Static Stability Static Stability

   Stability of an airplane in flight is slightly more complex than just explained, because the airplane is free to move in any direction and must be controllable in pitch, roll, and direction. When designing the airplane, engineers must compromise between stability, maneuverability, and controllability; and the problem is compounded because of the airplane's three axis freedom.

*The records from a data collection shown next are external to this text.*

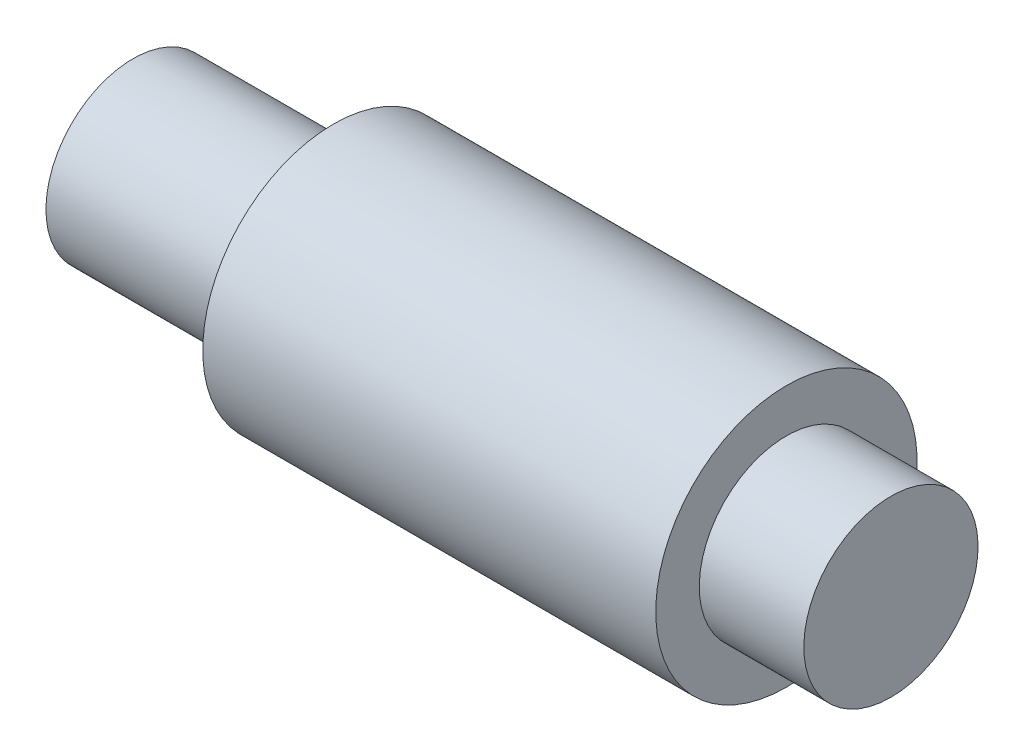
ISO-10303-21;
HEADER;
FILE_DESCRIPTION(('STEP AP214'),'2;1');
FILE_NAME('part.step','',(''),(''),'','','');
FILE_SCHEMA(('AUTOMOTIVE_DESIGN { 1 0 10303 214 1 1 1 1 }'));
ENDSEC;
DATA;
#1=APPLICATION_CONTEXT('core data for automotive mechanical design processes');
#2=APPLICATION_PROTOCOL_DEFINITION('international standard','automotive_design',2000,#1);
#3=PRODUCT_CONTEXT('',#1,'mechanical');
#4=PRODUCT('Part','Part','',(#3));
#5=PRODUCT_RELATED_PRODUCT_CATEGORY('part','',(#4));
#6=PRODUCT_DEFINITION_FORMATION('','',#4);
#7=PRODUCT_DEFINITION_CONTEXT('part definition',#1,'design');
#8=PRODUCT_DEFINITION('design','',#6,#7);
#9=PRODUCT_DEFINITION_SHAPE('','',#8);
#10=(LENGTH_UNIT() NAMED_UNIT(*) SI_UNIT(.MILLI.,.METRE.));
#11=(NAMED_UNIT(*) PLANE_ANGLE_UNIT() SI_UNIT($,.RADIAN.));
#12=(NAMED_UNIT(*) SI_UNIT($,.STERADIAN.) SOLID_ANGLE_UNIT());
#13=UNCERTAINTY_MEASURE_WITH_UNIT(LENGTH_MEASURE(1.E-05),#10,'distance_accuracy_value','');
#14=(GEOMETRIC_REPRESENTATION_CONTEXT(3) GLOBAL_UNCERTAINTY_ASSIGNED_CONTEXT((#13)) GLOBAL_UNIT_ASSIGNED_CONTEXT((#10,
#11,#12)) REPRESENTATION_CONTEXT('',''));
#15=CARTESIAN_POINT('',(0.,0.,0.));
#16=DIRECTION('',(0.,0.,1.));
#17=DIRECTION('',(1.,0.,0.));
#18=AXIS2_PLACEMENT_3D('',#15,#16,#17);
#19=CARTESIAN_POINT('',(0.,-10.,0.));
#20=DIRECTION('',(-1.,0.,0.));
#21=DIRECTION('',(0.,-1.,0.));
#22=AXIS2_PLACEMENT_3D('',#19,#20,#21);
#23=CYLINDRICAL_SURFACE('',#22,10.);
#24=CARTESIAN_POINT('',(0.,-10.,0.));
#25=DIRECTION('',(-1.,0.,0.));
#26=DIRECTION('',(0.,-1.,0.));
#27=AXIS2_PLACEMENT_3D('',#24,#25,#26);
#28=CIRCLE('',#27,10.);
#29=CARTESIAN_POINT('',(0.,-20.,0.));
#30=VERTEX_POINT('',#29);
#31=EDGE_CURVE('E10',#30,#30,#28,.T.);
#32=ORIENTED_EDGE('',*,*,#31,.F.);
#33=EDGE_LOOP('',(#32));
#34=FACE_BOUND('',#33,.T.);
#35=CARTESIAN_POINT('',(23.,-10.,0.));
#36=DIRECTION('',(-1.,0.,0.));
#37=DIRECTION('',(0.,-1.,0.));
#38=AXIS2_PLACEMENT_3D('',#35,#36,#37);
#39=CIRCLE('',#38,10.);
#40=CARTESIAN_POINT('',(23.,-20.,0.));
#41=VERTEX_POINT('',#40);
#42=EDGE_CURVE('E54',#41,#41,#39,.T.);
#43=ORIENTED_EDGE('',*,*,#42,.T.);
#44=EDGE_LOOP('',(#43));
#45=FACE_BOUND('',#44,.T.);
#46=ADVANCED_FACE('F32',(#34,#45),#23,.T.);
#47=CARTESIAN_POINT('',(0.,0.,0.));
#48=DIRECTION('',(1.,0.,0.));
#49=DIRECTION('',(0.,1.,0.));
#50=AXIS2_PLACEMENT_3D('',#47,#48,#49);
#51=PLANE('',#50);
#52=ORIENTED_EDGE('',*,*,#31,.T.);
#53=EDGE_LOOP('',(#52));
#54=FACE_BOUND('',#53,.T.);
#55=ADVANCED_FACE('F84',(#54),#51,.F.);
#56=CARTESIAN_POINT('',(87.,-10.,0.));
#57=DIRECTION('',(-1.,0.,0.));
#58=DIRECTION('',(0.,-1.,0.));
#59=AXIS2_PLACEMENT_3D('',#56,#57,#58);
#60=PLANE('',#59);
#61=CARTESIAN_POINT('',(87.,-10.,0.));
#62=DIRECTION('',(-1.,0.,0.));
#63=DIRECTION('',(0.,-1.,0.));
#64=AXIS2_PLACEMENT_3D('',#61,#62,#63);
#65=CIRCLE('',#64,10.);
#66=CARTESIAN_POINT('',(87.,-20.,0.));
#67=VERTEX_POINT('',#66);
#68=EDGE_CURVE('E38',#67,#67,#65,.T.);
#69=ORIENTED_EDGE('',*,*,#68,.F.);
#70=EDGE_LOOP('',(#69));
#71=FACE_BOUND('',#70,.T.);
#72=ADVANCED_FACE('F79',(#71),#60,.F.);
#73=CARTESIAN_POINT('',(0.,-10.,0.));
#74=DIRECTION('',(-1.,0.,0.));
#75=DIRECTION('',(0.,-1.,0.));
#76=AXIS2_PLACEMENT_3D('',#73,#74,#75);
#77=CYLINDRICAL_SURFACE('',#76,10.);
#78=CARTESIAN_POINT('',(75.,-10.,0.));
#79=DIRECTION('',(-1.,0.,0.));
#80=DIRECTION('',(0.,-1.,0.));
#81=AXIS2_PLACEMENT_3D('',#78,#79,#80);
#82=CIRCLE('',#81,10.);
#83=CARTESIAN_POINT('',(75.,-20.,0.));
#84=VERTEX_POINT('',#83);
#85=EDGE_CURVE('E42',#84,#84,#82,.T.);
#86=ORIENTED_EDGE('',*,*,#85,.F.);
#87=EDGE_LOOP('',(#86));
#88=FACE_BOUND('',#87,.T.);
#89=ORIENTED_EDGE('',*,*,#68,.T.);
#90=EDGE_LOOP('',(#89));
#91=FACE_BOUND('',#90,.T.);
#92=ADVANCED_FACE('F74',(#88,#91),#77,.T.);
#93=CARTESIAN_POINT('',(75.,0.,0.));
#94=DIRECTION('',(-1.,0.,0.));
#95=DIRECTION('',(0.,-1.,0.));
#96=AXIS2_PLACEMENT_3D('',#93,#94,#95);
#97=PLANE('',#96);
#98=CARTESIAN_POINT('',(75.,-10.,0.));
#99=DIRECTION('',(-1.,0.,0.));
#100=DIRECTION('',(0.,-1.,0.));
#101=AXIS2_PLACEMENT_3D('',#98,#99,#100);
#102=CIRCLE('',#101,15.);
#103=CARTESIAN_POINT('',(75.,-25.,0.));
#104=VERTEX_POINT('',#103);
#105=EDGE_CURVE('E46',#104,#104,#102,.T.);
#106=ORIENTED_EDGE('',*,*,#105,.F.);
#107=EDGE_LOOP('',(#106));
#108=FACE_BOUND('',#107,.T.);
#109=ORIENTED_EDGE('',*,*,#85,.T.);
#110=EDGE_LOOP('',(#109));
#111=FACE_BOUND('',#110,.T.);
#112=ADVANCED_FACE('F68',(#108,#111),#97,.F.);
#113=CARTESIAN_POINT('',(0.,-10.,0.));
#114=DIRECTION('',(-1.,0.,0.));
#115=DIRECTION('',(0.,-1.,0.));
#116=AXIS2_PLACEMENT_3D('',#113,#114,#115);
#117=CYLINDRICAL_SURFACE('',#116,15.);
#118=CARTESIAN_POINT('',(23.,-10.,0.));
#119=DIRECTION('',(-1.,0.,0.));
#120=DIRECTION('',(0.,-1.,0.));
#121=AXIS2_PLACEMENT_3D('',#118,#119,#120);
#122=CIRCLE('',#121,15.);
#123=CARTESIAN_POINT('',(23.,-25.,0.));
#124=VERTEX_POINT('',#123);
#125=EDGE_CURVE('E51',#124,#124,#122,.T.);
#126=ORIENTED_EDGE('',*,*,#125,.F.);
#127=EDGE_LOOP('',(#126));
#128=FACE_BOUND('',#127,.T.);
#129=ORIENTED_EDGE('',*,*,#105,.T.);
#130=EDGE_LOOP('',(#129));
#131=FACE_BOUND('',#130,.T.);
#132=ADVANCED_FACE('F62',(#128,#131),#117,.T.);
#133=CARTESIAN_POINT('',(23.,4.99999999999999,0.));
#134=DIRECTION('',(1.,0.,0.));
#135=DIRECTION('',(0.,1.,0.));
#136=AXIS2_PLACEMENT_3D('',#133,#134,#135);
#137=PLANE('',#136);
#138=ORIENTED_EDGE('',*,*,#42,.F.);
#139=EDGE_LOOP('',(#138));
#140=FACE_BOUND('',#139,.T.);
#141=ORIENTED_EDGE('',*,*,#125,.T.);
#142=EDGE_LOOP('',(#141));
#143=FACE_BOUND('',#142,.T.);
#144=ADVANCED_FACE('F59',(#140,#143),#137,.F.);
#145=CLOSED_SHELL('',(#46,#55,#72,#92,#112,#132,#144));
#146=MANIFOLD_SOLID_BREP('B2',#145);
#147=ADVANCED_BREP_SHAPE_REPRESENTATION('',(#18,#146),#14);
#148=SHAPE_DEFINITION_REPRESENTATION(#9,#147);
ENDSEC;
END-ISO-10303-21;

   By comparing this three axis freedom with the limited flexibility of an automobile, the problem may be better understood. Pitch control of a car is limited to a shock absorbing and leveling problem while roll control is a matter of the lateral spacing of the wheels and the banking of highways around curves. Essentially, then, the car has only one degree of real freedom - directional; in many cases, though, the lack of pitch and bank control have caused it to lose directional control. Automobile designers provide "centering" in the steering mechanism or "toe in" on the wheels to provide directional stability so the car will maintain a straight path when the steering wheel is released. Too much centering or "toe in" is, of course, objectionable because of the excessive effort required of the driver to turn the car. When power steering was introduced to the driving public, many considered it objectionable because of insufficient centering or "feel." Even now, most automobile models are offered either with or without power steering to satisfy the public.

   The conclusions, then, are that too much stability is detrimental to maneuverability, and similarly, not enough stability is detrimental to controllability. In the design of airplanes, compromise between the two is the key word.